• Tidak ada hasil yang ditemukan

DESKRIPSI UPACARA KEMATIAN PADA MASYARAKAT BATAK TOBA 3.1 Tinjauan Umum Kematian Pada Masyarakat Batak Toba

3.2 Jenis-jenis Kematian Masyarakat Desa Sigumpar

3.2.3 Mauli Bulung

Mauli bulung adalah seseorang yang meninggal dunia dalam posisi titir maranak, titir marboru, marpahompu sian anak, marpahompu sian boru sahat tu namarnini sahat tunamarnono dan kemungkinan ke “marondok-ondok” yang selama hayatnya tak seorang pun dari antara keturunannya yang meninggal dunia (manjoloi) seseorang yang beranak pinak, bercucu, bercicit mungkin hingga ke buyut. Dapat diprediksi umur yang mauli bulung sudah sangat panjang, barangkali 90 tahun keatas di tinjau dari segi generasi. Mereka yang memperoleh predikat mauli bulung sekarang ini sangat langka.
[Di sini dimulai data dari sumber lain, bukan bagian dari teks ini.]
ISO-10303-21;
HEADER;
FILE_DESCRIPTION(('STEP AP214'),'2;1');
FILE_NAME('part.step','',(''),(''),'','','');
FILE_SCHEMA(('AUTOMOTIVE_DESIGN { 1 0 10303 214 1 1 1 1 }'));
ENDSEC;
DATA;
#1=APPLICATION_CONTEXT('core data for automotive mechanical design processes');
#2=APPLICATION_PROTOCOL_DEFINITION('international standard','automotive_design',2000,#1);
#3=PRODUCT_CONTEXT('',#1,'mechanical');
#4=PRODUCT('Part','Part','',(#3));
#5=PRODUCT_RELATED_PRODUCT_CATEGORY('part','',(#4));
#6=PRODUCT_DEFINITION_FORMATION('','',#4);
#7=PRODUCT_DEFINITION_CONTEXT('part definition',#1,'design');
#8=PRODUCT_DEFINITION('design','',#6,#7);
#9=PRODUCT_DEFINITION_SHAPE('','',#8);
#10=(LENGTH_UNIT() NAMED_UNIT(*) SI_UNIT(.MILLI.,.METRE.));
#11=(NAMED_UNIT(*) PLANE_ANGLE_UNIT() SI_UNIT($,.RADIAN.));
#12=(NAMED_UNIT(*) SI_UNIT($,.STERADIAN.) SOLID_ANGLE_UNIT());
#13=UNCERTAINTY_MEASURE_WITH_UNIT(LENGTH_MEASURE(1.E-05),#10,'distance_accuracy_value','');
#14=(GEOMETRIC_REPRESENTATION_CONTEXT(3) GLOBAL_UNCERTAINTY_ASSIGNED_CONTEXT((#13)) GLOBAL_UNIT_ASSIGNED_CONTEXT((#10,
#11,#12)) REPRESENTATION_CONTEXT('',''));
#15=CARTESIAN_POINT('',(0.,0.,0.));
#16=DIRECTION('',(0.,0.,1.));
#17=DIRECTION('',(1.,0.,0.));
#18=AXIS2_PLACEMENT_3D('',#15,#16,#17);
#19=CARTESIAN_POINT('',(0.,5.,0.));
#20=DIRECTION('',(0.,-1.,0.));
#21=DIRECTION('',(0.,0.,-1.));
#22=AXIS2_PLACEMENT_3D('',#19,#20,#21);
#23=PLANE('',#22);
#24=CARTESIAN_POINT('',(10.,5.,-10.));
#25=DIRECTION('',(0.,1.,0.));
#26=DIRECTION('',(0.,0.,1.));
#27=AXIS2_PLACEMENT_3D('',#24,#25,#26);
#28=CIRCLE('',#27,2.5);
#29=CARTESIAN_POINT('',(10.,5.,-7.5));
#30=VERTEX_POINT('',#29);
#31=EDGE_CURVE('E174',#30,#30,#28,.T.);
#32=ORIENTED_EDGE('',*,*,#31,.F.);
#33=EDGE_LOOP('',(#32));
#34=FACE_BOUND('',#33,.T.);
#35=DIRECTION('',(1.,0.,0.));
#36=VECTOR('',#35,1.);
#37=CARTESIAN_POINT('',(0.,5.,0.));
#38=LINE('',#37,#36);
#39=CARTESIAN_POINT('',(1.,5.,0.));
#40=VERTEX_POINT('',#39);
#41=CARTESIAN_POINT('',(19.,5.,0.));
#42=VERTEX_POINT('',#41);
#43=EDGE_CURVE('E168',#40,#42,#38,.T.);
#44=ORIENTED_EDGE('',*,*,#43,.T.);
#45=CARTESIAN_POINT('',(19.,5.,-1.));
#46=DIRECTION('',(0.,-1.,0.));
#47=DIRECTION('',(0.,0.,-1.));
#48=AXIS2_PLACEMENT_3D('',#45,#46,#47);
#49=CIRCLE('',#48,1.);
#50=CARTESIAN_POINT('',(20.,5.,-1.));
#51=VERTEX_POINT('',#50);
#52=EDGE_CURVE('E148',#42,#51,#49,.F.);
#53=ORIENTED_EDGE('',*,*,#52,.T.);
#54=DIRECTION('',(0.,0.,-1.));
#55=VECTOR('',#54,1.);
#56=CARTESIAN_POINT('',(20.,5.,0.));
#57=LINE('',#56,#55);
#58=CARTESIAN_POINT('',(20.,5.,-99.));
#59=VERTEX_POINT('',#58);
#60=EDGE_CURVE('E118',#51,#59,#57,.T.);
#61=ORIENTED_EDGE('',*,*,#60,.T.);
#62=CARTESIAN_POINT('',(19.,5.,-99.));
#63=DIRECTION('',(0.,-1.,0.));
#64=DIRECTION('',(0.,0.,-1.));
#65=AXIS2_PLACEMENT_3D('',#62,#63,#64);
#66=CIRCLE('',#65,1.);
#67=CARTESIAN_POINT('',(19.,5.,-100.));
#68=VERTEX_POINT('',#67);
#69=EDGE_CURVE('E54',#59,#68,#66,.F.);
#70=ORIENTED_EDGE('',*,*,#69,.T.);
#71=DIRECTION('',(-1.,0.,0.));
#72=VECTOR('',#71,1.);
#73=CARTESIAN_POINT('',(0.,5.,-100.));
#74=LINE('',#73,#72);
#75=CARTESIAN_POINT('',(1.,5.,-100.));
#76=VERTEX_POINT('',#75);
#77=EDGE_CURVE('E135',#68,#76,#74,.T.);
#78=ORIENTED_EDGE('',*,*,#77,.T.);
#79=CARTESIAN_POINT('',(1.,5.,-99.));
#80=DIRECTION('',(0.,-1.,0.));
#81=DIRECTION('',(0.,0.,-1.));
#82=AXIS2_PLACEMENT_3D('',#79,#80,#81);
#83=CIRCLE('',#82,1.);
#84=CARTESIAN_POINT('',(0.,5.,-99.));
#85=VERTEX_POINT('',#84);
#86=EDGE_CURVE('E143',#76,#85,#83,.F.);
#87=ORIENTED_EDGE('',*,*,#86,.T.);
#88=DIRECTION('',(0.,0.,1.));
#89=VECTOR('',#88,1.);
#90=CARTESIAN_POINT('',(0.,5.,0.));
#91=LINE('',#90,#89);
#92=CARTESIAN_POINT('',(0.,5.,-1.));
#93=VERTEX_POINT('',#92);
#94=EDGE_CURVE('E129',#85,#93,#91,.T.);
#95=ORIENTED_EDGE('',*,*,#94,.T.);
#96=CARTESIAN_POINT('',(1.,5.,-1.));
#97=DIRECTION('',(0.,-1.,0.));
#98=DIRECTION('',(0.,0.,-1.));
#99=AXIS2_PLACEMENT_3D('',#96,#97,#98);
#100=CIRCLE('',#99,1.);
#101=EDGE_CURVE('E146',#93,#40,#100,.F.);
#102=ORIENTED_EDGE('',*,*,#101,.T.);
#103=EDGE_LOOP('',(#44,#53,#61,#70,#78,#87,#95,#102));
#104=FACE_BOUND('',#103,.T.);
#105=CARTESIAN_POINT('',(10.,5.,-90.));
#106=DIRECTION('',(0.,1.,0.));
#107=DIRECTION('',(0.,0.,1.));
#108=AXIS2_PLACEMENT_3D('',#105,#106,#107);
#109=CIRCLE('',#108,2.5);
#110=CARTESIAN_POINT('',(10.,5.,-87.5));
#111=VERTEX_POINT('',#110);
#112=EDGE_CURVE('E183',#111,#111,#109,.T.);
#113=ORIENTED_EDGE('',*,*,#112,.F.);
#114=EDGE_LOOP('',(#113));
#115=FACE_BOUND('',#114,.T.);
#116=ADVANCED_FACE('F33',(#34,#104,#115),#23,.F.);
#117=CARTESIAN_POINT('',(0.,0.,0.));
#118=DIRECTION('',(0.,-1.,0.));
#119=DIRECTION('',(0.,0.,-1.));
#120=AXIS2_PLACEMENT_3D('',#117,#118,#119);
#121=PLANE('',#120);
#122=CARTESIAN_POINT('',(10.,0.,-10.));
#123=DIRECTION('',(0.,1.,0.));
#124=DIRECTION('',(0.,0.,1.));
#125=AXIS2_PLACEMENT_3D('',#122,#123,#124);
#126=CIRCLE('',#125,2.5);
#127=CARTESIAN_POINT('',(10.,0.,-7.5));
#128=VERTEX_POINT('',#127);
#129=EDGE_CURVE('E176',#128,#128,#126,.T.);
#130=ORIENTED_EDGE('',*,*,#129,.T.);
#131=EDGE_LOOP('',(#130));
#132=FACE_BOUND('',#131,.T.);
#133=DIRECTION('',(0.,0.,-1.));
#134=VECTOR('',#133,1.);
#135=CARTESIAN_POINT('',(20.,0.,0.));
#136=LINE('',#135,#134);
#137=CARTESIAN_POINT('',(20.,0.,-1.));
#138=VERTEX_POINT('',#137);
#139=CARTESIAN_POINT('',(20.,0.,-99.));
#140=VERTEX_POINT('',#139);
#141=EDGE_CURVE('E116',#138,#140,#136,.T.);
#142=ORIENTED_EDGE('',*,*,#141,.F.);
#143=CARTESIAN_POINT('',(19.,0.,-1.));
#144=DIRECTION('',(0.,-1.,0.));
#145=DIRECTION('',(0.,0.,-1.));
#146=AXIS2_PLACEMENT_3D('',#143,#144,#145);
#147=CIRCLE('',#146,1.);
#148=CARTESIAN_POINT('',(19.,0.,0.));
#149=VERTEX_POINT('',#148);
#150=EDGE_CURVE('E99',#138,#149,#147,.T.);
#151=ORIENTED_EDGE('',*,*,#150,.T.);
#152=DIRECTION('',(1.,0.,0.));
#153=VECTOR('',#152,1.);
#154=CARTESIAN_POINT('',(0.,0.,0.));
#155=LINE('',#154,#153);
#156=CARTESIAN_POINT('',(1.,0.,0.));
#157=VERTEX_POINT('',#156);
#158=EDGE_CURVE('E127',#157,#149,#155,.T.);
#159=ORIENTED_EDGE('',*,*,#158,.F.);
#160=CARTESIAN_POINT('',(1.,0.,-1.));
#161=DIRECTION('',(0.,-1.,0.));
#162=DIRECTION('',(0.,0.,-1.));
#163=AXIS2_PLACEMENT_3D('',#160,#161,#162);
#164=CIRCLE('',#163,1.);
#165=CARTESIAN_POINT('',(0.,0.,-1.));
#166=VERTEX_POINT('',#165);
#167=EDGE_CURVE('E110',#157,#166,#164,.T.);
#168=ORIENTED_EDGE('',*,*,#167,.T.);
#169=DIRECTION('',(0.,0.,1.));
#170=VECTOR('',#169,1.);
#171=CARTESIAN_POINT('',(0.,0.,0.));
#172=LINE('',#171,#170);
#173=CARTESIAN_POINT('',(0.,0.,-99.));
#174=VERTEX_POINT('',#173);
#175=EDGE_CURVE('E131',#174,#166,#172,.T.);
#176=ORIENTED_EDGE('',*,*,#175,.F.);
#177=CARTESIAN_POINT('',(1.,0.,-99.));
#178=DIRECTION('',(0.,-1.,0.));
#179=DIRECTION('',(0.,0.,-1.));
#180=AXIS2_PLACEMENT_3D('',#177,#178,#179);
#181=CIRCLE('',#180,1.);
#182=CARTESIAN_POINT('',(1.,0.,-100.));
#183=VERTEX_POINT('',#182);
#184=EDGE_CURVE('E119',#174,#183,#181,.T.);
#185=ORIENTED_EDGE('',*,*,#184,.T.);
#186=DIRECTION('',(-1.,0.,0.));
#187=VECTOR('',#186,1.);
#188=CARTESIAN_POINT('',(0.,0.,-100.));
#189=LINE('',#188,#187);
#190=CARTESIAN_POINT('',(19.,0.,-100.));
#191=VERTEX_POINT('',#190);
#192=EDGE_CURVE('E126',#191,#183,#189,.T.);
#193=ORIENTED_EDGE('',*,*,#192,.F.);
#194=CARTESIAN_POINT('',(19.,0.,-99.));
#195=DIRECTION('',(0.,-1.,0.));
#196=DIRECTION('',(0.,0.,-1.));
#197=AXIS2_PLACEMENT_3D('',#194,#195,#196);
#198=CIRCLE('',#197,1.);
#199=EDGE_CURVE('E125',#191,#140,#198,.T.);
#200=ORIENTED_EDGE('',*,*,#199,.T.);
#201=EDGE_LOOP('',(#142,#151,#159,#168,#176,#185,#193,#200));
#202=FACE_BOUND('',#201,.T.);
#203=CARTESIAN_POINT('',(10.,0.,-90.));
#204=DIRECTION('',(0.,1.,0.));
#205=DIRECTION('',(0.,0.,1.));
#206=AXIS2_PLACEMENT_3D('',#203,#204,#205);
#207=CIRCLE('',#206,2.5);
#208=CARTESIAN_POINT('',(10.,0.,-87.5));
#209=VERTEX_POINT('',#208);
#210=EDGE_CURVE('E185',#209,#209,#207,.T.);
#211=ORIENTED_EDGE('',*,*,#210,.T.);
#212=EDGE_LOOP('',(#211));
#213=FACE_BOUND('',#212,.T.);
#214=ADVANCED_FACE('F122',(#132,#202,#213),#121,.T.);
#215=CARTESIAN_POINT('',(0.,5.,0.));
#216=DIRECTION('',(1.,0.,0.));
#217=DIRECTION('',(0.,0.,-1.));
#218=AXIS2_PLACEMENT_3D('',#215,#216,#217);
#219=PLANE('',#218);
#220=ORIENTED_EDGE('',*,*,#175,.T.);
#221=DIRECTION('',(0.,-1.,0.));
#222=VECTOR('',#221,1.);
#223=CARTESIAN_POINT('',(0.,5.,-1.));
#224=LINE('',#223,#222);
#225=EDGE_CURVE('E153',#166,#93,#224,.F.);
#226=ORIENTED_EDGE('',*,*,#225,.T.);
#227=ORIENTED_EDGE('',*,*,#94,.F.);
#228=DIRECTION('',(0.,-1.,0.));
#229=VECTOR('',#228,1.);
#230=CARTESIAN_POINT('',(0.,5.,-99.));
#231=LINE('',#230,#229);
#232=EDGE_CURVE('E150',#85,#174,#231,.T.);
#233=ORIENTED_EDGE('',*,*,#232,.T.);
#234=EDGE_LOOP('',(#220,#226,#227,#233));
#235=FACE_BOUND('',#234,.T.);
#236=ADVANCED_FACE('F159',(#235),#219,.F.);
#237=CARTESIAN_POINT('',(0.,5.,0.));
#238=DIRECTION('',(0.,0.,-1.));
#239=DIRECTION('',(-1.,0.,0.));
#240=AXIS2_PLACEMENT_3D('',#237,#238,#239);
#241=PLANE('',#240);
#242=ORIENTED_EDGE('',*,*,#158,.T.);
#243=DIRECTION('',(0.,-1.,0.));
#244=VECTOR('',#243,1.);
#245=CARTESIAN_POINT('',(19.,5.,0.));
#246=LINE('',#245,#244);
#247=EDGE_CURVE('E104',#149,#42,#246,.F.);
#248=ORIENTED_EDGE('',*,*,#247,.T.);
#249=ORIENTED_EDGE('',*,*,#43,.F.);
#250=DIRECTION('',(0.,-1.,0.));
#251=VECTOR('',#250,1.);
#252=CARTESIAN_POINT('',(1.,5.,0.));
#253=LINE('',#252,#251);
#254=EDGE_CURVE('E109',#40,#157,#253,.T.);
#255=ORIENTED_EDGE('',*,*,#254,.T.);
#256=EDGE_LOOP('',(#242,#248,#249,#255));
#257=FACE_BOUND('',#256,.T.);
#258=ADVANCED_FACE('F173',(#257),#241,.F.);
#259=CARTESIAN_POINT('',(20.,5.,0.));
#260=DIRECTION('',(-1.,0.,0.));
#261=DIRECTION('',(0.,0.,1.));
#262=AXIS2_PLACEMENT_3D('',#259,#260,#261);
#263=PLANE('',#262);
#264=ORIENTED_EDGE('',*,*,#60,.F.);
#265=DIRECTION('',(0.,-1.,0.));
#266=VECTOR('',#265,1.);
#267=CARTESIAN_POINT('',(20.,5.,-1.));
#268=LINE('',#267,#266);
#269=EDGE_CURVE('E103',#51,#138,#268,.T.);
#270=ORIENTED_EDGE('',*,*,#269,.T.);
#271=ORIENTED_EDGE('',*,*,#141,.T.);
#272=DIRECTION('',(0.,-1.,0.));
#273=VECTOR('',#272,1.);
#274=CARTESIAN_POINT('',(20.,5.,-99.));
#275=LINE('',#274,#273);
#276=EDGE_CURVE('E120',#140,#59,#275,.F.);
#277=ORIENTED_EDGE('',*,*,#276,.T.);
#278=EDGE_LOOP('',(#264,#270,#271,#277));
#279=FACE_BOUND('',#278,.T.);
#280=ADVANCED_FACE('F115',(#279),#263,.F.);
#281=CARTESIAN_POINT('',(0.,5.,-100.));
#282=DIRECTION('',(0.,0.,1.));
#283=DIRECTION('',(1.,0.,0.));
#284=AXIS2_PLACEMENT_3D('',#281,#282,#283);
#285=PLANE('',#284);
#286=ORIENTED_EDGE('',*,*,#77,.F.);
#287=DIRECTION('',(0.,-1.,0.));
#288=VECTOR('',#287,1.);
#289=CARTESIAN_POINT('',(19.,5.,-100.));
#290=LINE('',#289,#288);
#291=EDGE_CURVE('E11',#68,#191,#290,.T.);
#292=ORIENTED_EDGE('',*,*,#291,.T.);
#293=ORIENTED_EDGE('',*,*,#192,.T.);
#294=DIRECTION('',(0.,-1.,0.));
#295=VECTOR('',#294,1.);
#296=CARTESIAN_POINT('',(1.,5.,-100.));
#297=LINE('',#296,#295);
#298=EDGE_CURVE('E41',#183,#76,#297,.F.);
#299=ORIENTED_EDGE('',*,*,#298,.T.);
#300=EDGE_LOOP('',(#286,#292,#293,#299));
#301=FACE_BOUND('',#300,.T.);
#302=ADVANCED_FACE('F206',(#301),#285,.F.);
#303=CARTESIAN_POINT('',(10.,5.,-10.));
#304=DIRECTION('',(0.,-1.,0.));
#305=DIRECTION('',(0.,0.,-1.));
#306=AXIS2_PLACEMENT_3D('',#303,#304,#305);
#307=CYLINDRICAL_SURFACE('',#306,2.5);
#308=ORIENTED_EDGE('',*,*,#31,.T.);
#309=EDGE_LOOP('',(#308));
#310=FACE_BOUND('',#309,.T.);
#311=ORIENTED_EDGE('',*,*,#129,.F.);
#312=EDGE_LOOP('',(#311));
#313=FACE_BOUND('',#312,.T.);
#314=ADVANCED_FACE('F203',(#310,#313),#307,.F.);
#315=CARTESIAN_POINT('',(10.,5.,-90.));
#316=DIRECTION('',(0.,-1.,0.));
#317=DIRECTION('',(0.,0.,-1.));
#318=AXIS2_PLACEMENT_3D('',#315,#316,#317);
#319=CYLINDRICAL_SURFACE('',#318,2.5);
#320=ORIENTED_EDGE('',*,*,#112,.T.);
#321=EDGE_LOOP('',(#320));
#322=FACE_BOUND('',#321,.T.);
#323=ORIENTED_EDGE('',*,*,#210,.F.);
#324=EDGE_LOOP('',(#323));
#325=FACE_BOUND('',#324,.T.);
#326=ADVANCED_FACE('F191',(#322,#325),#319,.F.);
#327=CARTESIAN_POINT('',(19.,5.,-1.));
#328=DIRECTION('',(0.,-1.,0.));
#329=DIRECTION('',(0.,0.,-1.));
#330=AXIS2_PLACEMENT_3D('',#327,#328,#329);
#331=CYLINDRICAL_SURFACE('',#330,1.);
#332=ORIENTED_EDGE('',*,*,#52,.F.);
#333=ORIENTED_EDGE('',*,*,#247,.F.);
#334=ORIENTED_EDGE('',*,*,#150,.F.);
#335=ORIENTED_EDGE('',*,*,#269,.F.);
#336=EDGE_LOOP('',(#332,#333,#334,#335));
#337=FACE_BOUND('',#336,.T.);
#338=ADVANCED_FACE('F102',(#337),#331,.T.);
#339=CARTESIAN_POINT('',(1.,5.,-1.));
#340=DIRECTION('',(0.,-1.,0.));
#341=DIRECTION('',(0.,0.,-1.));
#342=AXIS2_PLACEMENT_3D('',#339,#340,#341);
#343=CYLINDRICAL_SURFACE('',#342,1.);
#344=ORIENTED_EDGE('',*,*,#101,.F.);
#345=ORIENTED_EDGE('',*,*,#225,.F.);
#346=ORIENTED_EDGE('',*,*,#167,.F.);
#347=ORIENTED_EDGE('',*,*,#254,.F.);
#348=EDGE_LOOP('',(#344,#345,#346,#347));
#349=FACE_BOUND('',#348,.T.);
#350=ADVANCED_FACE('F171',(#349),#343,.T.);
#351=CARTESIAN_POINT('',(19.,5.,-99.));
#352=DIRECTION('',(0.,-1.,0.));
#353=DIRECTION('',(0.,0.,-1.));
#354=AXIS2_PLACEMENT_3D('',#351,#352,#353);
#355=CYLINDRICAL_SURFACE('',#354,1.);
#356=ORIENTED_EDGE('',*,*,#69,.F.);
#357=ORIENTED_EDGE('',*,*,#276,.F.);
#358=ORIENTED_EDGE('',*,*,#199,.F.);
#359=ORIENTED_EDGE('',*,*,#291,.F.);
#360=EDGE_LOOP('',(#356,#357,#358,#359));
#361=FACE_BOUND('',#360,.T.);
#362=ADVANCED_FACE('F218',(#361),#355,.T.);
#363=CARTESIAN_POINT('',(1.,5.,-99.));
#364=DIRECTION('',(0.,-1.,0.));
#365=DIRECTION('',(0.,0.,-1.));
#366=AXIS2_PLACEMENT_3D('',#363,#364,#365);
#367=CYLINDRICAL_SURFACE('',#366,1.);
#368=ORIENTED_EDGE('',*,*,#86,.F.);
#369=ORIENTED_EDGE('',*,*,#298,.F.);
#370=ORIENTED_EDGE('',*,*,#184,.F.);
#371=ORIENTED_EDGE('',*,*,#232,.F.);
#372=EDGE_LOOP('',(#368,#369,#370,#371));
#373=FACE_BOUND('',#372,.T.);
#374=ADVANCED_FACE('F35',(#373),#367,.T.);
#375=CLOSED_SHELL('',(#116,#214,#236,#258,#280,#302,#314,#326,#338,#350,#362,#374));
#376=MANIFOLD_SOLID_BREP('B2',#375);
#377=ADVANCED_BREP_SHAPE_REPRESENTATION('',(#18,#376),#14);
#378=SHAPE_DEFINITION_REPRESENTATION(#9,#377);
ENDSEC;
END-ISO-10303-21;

Dalam tradisi adat batak, mayat orang yang sudah mauli bulung di peti mayat dibaringkan lurus dengan kedua tangan sejajar dengan badan (tidak dilipat). Kematian seseorang dengan status mauli bulung, menurut adat batak adalah kebahagiaan tersendiri bagi keturunannya. Tidak ada lagi isak tangis, mereka bleh bersyukur dan bersuka cita , berpesta tetapi bukan hura-hura, memukul godang ogung sabangunan, musik tiup, menari, sebagai ungkapan rasa syukur dan terima kasih kepada Tuhan yang Maha Kasih lagi penyayang. Pada masyarakat toba ada juga jenis kematian yang ada yaitu kematian sempurna. Kematian sempurna yang dimaksud disini adalah masyarakat batak toba begitu percaya bahwa kematian merupakan sebuah peristiwa yang tak kalah istimewa dengan peristiwa kelahiran. Mereka percaya bahwa orang yang mati hannya raga, sedangkan jiwanya berjalan terus menempuh perjalanan ke alam lain alam yang sangat gaib dan tak terjangkau oleh mereka yang masih hidup. Orang yang masih hidup mengangap perjalanan jiwa orang mati menuju alam lain itu memerlukan perlakuan khusus agar rohnya merasa tenteram dan dihargai oleh keturunannya.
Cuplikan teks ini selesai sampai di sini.